Las palabras que figuran en el ejercicio son "Stadt", "Park", "Wald"  por lo cual creo que sería dativo.  Alguien me puede decir qué sería en este caso "spielen"?


----------



## Whodunit

I don't understand a word you worded, but from the context:
Spielen im (= in dem) Wald. (--> dative case)

The word "in" is always claiming the dative case!

Could you translate your question in English or French? So I could help you before learning Spanish...


----------



## Artrella

whodunit said:
			
		

> I don't understand a word you worded, but from the context:
> Spielen im (= in dem) Wald. (--> dative case)
> 
> The word "in" is always claiming the dative case!
> 
> Could you translate your question in English or French? So I could help you before learning Spanish...




Oh Whodunit!  I completely forgot you don't speak Spanish!!! So sorry!

I want to know if "spielen" means sth else other than "to play".  I have to ergänze viele Sätzen mit Akk oder Dat.  We were taught that if das verb is a movement verb we use Akk ( because it answers "Wohin" Direktiv) and if das verb ist no-movement we use Dat (because it answers "Wo" i.e. Situativ).
Yes, "in" requires dativ case, but you can say "Ich bleibe im Garten" (Wo? Situativ- no movement) or you can say "Ich fahre in das Parkhaus" (]Wohin? Direktiv-movement).

I'd better transcribe the exercise.  Look

a)....... Bibliothek      |
   ....... Krankenhaus  |   arbeiten
   ........Kindergarten  |

b)..... Kinderzimmer |
   ..... Garten         |   spielen
   ......Wohnung      |

c) ..... Stadt |
    ..... Park   |spielen
 .........Wald  |


So, what would the difference be between b) and c) as regards case in connection with the verb "spielen"????
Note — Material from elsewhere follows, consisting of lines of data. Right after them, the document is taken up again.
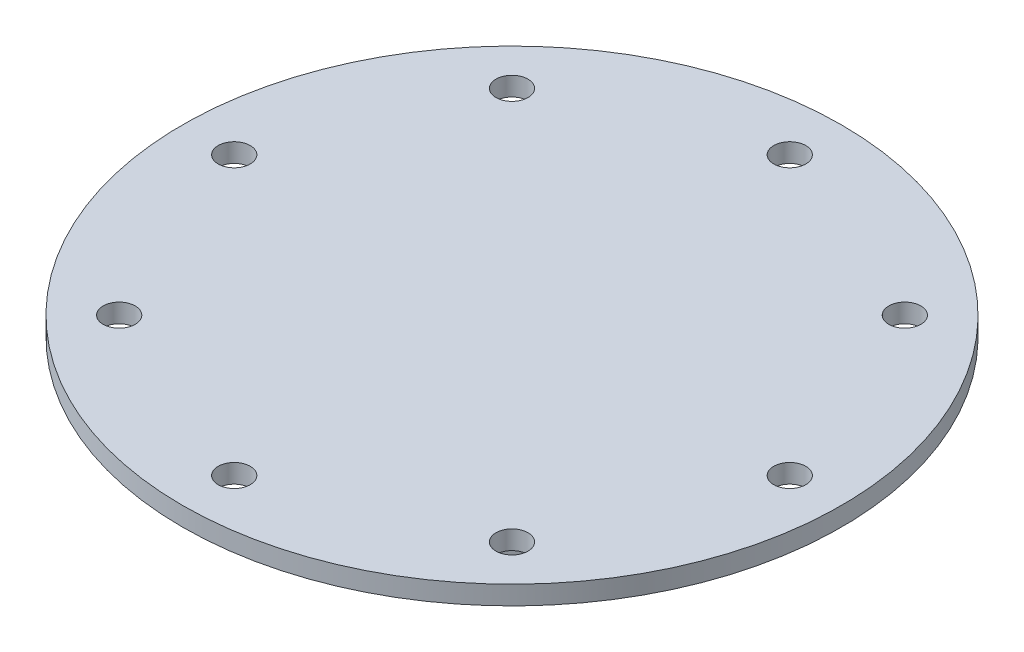
from build123d import *

# Parameters (mm, degrees)
SKETCH_1_R      = 70
SKETCH_1_R_2    = 3.4
EXTRUDE_1_DEPTH = 4
SKETCH_2_R      = 40
SKETCH_2_R_2    = 35
EXTRUDE_2_DEPTH = 21
FILLET_2_R      = 1


with BuildPart() as part:
    # Эскиз1 → Бобышка-Вытянуть1 (new body)
    with BuildSketch(Plane(origin=(0, 0, 0), x_dir=(1, 0, 0), z_dir=(0, 1, 0))):
        with Locations(Location((0, 0, 0), (0, 0, 270))):
            Circle(SKETCH_1_R)
        with Locations(Location((59, 0, 0), (0, 0, 270))):
            Circle(SKETCH_1_R_2, mode=Mode.SUBTRACT)
        with Locations(Location((41.71930009, -41.71930009, 0), (0, 0, 270))):
            Circle(SKETCH_1_R_2, mode=Mode.SUBTRACT)
        with Locations(Location((0, -59, 0), (0, 0, 270))):
            Circle(SKETCH_1_R_2, mode=Mode.SUBTRACT)
        with Locations(Location((-41.71930009, -41.71930009, 0), (0, 0, 270))):
            Circle(SKETCH_1_R_2, mode=Mode.SUBTRACT)
        with Locations(Location((-59, 0, 0), (0, 0, 270))):
            Circle(SKETCH_1_R_2, mode=Mode.SUBTRACT)
        with Locations(Location((-41.71930009, 41.71930009, 0), (0, 0, 270))):
            Circle(SKETCH_1_R_2, mode=Mode.SUBTRACT)
        with Locations(Location((0, 59, 0), (0, 0, 270))):
            Circle(SKETCH_1_R_2, mode=Mode.SUBTRACT)
        with Locations(Location((41.71930009, 41.71930009, 0), (0, 0, 270))):
            Circle(SKETCH_1_R_2, mode=Mode.SUBTRACT)
    extrude(amount=EXTRUDE_1_DEPTH)

    # Эскиз2 → Бобышка-Вытянуть2 (add)
    with BuildSketch(Plane(origin=(0, 0, 0), x_dir=(1, 0, 0), z_dir=(0, 1, 0))):
        with Locations(Location((0, 0, 0), (0, 0, 270))):
            Circle(SKETCH_2_R)
        with Locations(Location((0, 0, 0), (0, 0, 270))):
            Circle(SKETCH_2_R_2, mode=Mode.SUBTRACT)
    extrude(amount=-EXTRUDE_2_DEPTH)

    # Скругление2
    fillet_2_edges = [part.edges().sort_by_distance(p)[0] for p in [
        (0, 0, -35),
        (0, 0, -40),
    ]]
    fillet(fillet_2_edges, radius=FILLET_2_R)


solid = part.part
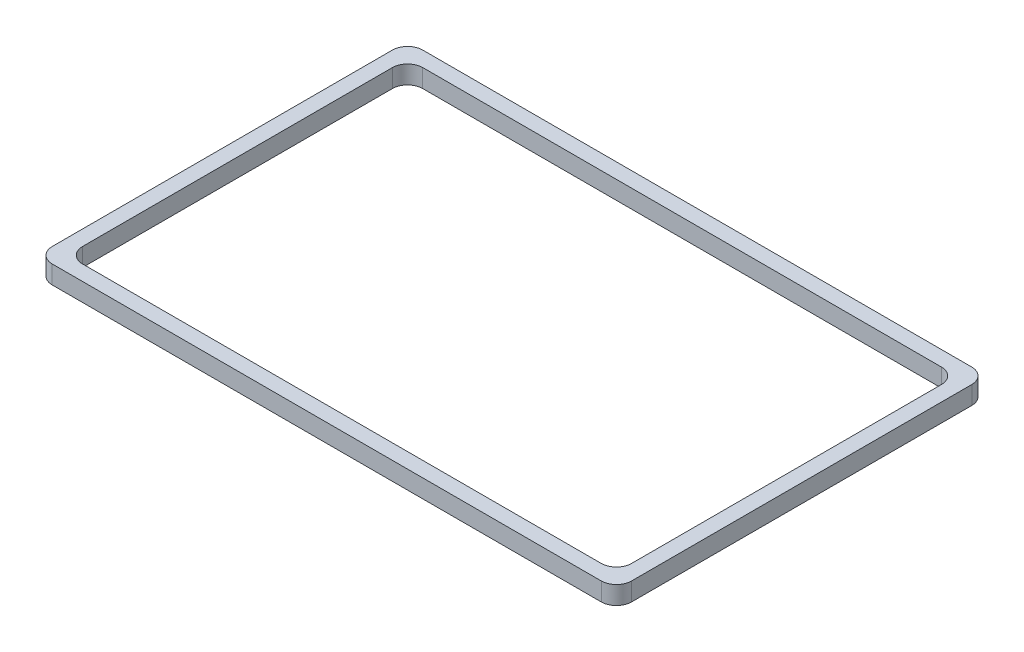
from build123d import *

# Parameters (mm, degrees)
EXTRUDE_1_DEPTH = 12


with BuildPart() as part:
    # 草图1 → 凸台-拉伸1 (new body)
    with BuildSketch(Plane(origin=(0, 0, 0), x_dir=(1, 0, 0), z_dir=(0, 1, 0))):
        with BuildLine():
            Line((-181, 122.15), (181, 122.15))
            ThreePointArc((181, 122.15), (188.071067812, 119.221067812), (191, 112.15))
            Line((191, 112.15), (191, -112.15))
            ThreePointArc((191, -112.15), (188.071067812, -119.221067812), (181, -122.15))
            Line((181, -122.15), (-181, -122.15))
            ThreePointArc((-181, -122.15), (-188.071067812, -119.221067812), (-191, -112.15))
            Line((-191, -112.15), (-191, 112.15))
            ThreePointArc((-191, 112.15), (-188.071067812, 119.221067812), (-181, 122.15))
        make_face()
        with BuildLine():
            Line((-171, 112.15), (171, 112.15))
            ThreePointArc((171, 112.15), (178.071067812, 109.221067812), (181, 102.15))
            Line((181, 102.15), (181, -102.15))
            ThreePointArc((181, -102.15), (178.071067812, -109.221067812), (171, -112.15))
            Line((171, -112.15), (-171, -112.15))
            ThreePointArc((-171, -112.15), (-178.071067812, -109.221067812), (-181, -102.15))
            Line((-181, -102.15), (-181, 102.15))
            ThreePointArc((-181, 102.15), (-178.071067812, 109.221067812), (-171, 112.15))
        make_face(mode=Mode.SUBTRACT)
    extrude(amount=EXTRUDE_1_DEPTH)


solid = part.part

I hope I made myself clear enough.  I'm mixed up right now!  Thanks, Who!


----------



## Whodunit

"Spielen" is always "to play", out of in some proverbs.

a) ...in der Bibliothek
.......in dem Krankenhaus
.......in dem Kindergarten .......................arbeiten (always to work)

b) ...im Kinderzimmer
.......im Garten
.......in der Wohnung .............................spielen (always to play)

c) ...in der Stadt
.......im Park
.......im Wald .......................................spielen (always to play)

wohin is always accusative
wo is always dative
.... actually

Looking up in my Duden (German dict) I found this:
Ich gehe in dem Garten auf und ab. (I'm walking to and fro in the garden)
Ich gehen in den Garten. (I'm going in/to [<-- depends] the garden)

Hope that helps...


----------



## Artrella

whodunit said:
			
		

> The word "in" is always claiming the dative case!
> QUOTE]
> 
> 
> Hallo W!!! Ich habe eine Frage.  Du sagst "IN" immer mit Dativ.  Aber ...
> 
> *"Ich gehe in die Schule" * What happens here? Is it correct "in + die"? or should I have written "in+der"?? The example was that.  Is it in AKK case because of the verb "gehen" which implies going from one place to another?
> Also, die Lehrerin told us we can say "Ich gehe zur Schule". So in dieser Sätz we have DATIV : "zu + der".  Do you think this can be a mistake? Danke schön, Tschüss Art


----------



## Whodunit

Artrella said:
			
		

> Hallo W!!! Ich habe eine Frage.  Du sagst "IN" immer mit Dativ.  Aber ...
> 
> *"Ich gehe in die Schule" * What happens here? Is it correct "in + die"? or should I have written "in+der"?? The example was that.  Is it in AKK case because of the verb "gehen" which implies going from one place to another?
> Also, die Lehrerin told us we can say "Ich gehe zur Schule". So in dieser Sätz we have DATIV : "zu + der".  Do you think this can be a mistake? Danke schön, Tschüss Art



Yes, your teacher is right. But in sentences used by a movement verb you have to use the accusative, very difficult...
ich gehe in die Schule
ich laufe in den Bus (= einsteigen)
ich springe in das Auto (autsch!)
es regnet in den Hof

ABER:
ich stehe in der Schule
ich bin im Bus
ich befinde mich im Auto
es regnet im Hof (colloquial sentence)

It's very hard to savvy it, but believing over and over again


----------



## Artrella

whodunit said:
			
		

> Yes, your teacher is right. But in sentences used by a movement verb you have to use the accusative, very difficult...
> ich gehe in die Schule
> ich laufe in den Bus (= einsteigen)
> ich springe in das Auto (autsch!)
> es regnet in den Hof
> 
> ABER:
> ich stehe in der Schule
> ich bin im Bus
> ich befinde mich im Auto
> es regnet im Hof (colloquial sentence)
> 
> It's very hard to savvy it, but believing over and over again





Thanks Who!!! Later more questions....


----------



## Whodunit

Hi again. Today I asked my German teacher and she said following:

The words "in, auf, unter, über, an, hinter, vor (and some I've forgotten)" can be used as a dative and acc case. So both of us have been right, yesterday.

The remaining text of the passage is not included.